Auto giant AMAG’s conclusions after a year of neural machine translation with Supertext

2020 marks the 75th anniversary of Swiss car importer and dealer AMAG – and the one-year anniversary of its collaboration with Supertext. Time to look back at what’s been achieved, and forward to the future of human-machine translation.

After one year of collaboration, Supertext’s operations, project management and IT staff met with marketing, brand and procurement management representatives at the new AMAG headquarters in Cham (Switzerland) to review their achievements. The auto experts, who achieved revenue of CHF 4.7 million in 2019, have been relying on Supertext’s services since January 2019 for multilingual communication for the Volkswagen, SEAT and VW Commercial Vehicles brands. Those services include neural machine translation (NMT) with post-editing. So how much did they actually save? And what were the results?

Quality assurance and cost management

The range of products on the market is constantly increasing, and new marketing channels need to be populated with individual, target group-specific texts. This means that most companies have experienced a huge increase in content in recent years – by more than 30%, in AMAG’s case. Since 2019, the company, which employs 5,700 people, has been working with just two strategic partners in order to ensure quality while keeping costs under control. Another key measure has been the introduction of NMT, which allows it to respond to a wide range of text requirements simultaneously.

A quarter of AMAG’s translation jobs are now carried out via NMT, reducing costs by 40% compared to traditional human translation. The company also has its own translation memory, leading to further savings: 28% off the total price of human translation and an additional 13% off machine translation. A constantly updated termbase ensures that specialist technical and company terminology remains consistent and that translation quality is always improving.

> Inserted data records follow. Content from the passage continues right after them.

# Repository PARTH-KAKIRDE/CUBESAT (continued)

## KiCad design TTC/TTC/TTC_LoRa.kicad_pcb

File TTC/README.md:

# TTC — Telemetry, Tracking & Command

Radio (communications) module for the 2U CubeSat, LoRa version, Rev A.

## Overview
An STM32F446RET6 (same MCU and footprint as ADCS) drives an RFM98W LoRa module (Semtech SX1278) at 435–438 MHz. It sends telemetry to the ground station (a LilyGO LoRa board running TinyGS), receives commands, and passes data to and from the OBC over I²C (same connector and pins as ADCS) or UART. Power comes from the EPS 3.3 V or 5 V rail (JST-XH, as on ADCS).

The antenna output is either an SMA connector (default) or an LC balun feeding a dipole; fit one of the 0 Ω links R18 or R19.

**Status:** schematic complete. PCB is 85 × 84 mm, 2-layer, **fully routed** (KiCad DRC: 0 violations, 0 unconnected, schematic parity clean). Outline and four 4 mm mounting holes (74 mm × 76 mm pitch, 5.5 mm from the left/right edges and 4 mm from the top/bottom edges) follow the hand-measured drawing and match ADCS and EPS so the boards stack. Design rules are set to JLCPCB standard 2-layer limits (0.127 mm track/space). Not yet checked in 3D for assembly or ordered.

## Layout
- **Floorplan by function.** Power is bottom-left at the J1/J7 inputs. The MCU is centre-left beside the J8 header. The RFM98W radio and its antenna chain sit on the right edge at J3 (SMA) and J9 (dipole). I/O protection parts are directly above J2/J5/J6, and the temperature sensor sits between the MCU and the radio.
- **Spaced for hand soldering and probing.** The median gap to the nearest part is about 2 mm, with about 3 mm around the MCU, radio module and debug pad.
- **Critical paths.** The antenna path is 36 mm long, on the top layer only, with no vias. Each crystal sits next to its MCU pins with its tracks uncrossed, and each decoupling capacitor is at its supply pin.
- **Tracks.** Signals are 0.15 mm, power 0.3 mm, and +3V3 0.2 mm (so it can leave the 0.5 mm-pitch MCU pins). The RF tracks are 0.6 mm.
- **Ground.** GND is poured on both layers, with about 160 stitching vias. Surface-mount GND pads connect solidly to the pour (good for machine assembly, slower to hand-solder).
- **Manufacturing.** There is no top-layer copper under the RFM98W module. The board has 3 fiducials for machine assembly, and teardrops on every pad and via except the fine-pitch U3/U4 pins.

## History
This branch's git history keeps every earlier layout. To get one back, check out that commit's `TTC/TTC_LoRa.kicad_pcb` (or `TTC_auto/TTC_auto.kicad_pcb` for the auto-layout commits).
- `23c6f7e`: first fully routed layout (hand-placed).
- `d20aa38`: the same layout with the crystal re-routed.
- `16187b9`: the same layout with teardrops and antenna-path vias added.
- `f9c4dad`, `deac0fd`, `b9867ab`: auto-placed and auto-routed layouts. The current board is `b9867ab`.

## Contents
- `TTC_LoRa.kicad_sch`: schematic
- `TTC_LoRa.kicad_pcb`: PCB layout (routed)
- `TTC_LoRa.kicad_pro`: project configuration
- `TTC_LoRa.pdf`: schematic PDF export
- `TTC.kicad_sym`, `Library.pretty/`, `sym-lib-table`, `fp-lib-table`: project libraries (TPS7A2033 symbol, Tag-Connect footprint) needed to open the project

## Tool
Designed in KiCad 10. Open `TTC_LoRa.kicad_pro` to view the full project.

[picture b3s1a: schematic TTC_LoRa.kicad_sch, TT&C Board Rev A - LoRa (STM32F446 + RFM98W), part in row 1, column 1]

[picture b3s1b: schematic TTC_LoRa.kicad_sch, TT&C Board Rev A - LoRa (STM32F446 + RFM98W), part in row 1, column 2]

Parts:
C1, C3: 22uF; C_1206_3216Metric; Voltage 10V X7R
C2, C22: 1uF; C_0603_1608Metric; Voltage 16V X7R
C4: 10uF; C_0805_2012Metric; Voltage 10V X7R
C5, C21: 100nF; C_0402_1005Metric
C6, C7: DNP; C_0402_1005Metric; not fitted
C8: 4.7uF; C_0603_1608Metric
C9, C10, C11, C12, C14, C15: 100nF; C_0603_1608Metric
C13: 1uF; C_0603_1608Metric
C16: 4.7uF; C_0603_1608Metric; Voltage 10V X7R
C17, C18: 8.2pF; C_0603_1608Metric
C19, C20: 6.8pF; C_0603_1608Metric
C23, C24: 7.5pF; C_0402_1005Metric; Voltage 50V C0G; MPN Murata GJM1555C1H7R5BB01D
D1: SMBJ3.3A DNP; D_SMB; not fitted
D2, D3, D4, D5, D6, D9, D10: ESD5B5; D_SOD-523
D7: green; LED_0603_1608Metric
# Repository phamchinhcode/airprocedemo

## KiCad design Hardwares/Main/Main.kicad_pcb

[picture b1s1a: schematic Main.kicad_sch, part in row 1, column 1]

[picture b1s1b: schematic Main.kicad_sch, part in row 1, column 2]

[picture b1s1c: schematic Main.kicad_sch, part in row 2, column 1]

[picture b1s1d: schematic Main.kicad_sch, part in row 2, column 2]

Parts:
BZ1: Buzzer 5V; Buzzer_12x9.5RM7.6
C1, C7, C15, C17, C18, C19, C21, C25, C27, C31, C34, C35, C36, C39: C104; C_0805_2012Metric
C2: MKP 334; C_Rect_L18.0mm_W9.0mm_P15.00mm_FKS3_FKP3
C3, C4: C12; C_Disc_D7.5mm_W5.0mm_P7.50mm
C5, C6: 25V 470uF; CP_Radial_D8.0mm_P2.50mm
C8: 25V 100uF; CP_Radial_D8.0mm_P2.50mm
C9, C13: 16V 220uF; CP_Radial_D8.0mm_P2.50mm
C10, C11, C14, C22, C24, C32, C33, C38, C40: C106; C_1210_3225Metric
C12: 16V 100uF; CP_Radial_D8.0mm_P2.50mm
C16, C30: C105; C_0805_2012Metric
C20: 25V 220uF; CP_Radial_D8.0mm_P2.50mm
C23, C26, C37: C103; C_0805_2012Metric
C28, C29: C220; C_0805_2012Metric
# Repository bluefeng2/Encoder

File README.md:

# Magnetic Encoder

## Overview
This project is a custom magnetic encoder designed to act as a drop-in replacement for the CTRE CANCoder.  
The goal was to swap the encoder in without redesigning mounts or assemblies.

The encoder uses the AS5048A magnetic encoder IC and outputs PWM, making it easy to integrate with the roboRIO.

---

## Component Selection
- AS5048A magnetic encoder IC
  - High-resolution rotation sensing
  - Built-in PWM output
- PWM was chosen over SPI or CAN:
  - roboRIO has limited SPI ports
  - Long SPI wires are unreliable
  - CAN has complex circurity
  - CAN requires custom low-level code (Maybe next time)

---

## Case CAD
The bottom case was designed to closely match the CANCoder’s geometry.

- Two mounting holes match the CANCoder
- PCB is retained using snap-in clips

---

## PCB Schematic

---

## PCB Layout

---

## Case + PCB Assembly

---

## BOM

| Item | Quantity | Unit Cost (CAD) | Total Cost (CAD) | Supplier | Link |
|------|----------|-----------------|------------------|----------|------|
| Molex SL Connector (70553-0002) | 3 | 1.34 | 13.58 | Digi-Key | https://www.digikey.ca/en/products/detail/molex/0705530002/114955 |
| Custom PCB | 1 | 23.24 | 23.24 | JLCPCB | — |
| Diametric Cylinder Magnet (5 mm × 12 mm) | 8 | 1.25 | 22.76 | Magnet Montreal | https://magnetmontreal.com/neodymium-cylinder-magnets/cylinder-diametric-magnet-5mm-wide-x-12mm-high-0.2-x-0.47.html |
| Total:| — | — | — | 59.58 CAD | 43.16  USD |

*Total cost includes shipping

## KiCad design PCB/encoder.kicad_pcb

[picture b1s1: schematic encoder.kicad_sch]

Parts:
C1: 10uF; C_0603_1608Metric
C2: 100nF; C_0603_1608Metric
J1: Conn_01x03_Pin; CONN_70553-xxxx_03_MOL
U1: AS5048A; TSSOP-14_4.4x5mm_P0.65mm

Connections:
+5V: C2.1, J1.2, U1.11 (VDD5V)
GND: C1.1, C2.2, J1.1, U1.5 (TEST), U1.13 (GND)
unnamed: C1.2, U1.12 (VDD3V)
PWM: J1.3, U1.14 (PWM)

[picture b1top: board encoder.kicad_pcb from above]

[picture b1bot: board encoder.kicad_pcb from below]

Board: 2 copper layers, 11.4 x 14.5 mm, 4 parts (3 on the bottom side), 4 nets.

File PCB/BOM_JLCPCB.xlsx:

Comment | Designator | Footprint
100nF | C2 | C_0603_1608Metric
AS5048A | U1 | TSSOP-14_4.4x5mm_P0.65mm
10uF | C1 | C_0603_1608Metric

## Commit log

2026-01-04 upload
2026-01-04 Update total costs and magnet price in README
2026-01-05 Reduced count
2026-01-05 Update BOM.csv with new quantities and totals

“Machine translation with post-editing offers us an efficient, cost-effective alternative for texts with lower quality requirements than brand communications.”

 

Roger Rölli, Team Leader Marketing Services, AMAG

When is NMT used?

AMAG places around 500 orders every month, in English, German, French and Italian. Around 110 of them involve NMT with post-editing. Popular text types for machine translation include internal content such as email correspondence, intranet news items and meeting minutes. However, there’s no hard and fast rule: it’s up to each individual AMAG employee to choose between NMT, traditional human translation and transcreation. An internal survey has shown that it’s the purpose of the text that is the decisive factor:

  • Purpose (27%)
  • Target group (25%)
  • Urgency (18%)
  • Linguistic complexity (16%)
  • Content (14%)

And what’s next for the collaboration?

AMAG is planning to further expand the NMT service. Until now, DeepL has been the engine of choice, but other solutions are currently being tested, and the adaptive neural networks are being trained on client-specific sample texts. Initial tests suggest a further 10% reduction in the time required and an up to 32% improvement in translation quality – making the post-editing process less intensive.

At the same time, the auto giant appreciates the added value that human translation offers. In future, it plans to focus more heavily on transcreations – creative human translations – in certain areas, so that each type of content receives the attention it deserves.

“Our Volkswagen brand catalogs and product slogans are crying out for creative adaptations. Humans are and will remain central to our translation strategy for these texts.”

 

Melanie Felder, Team Leader Marketing Communication, Volkswagen

So what’s in store for the next 12 months? AMAG and Supertext will continue their collaboration – hand in hand, like humans and machines.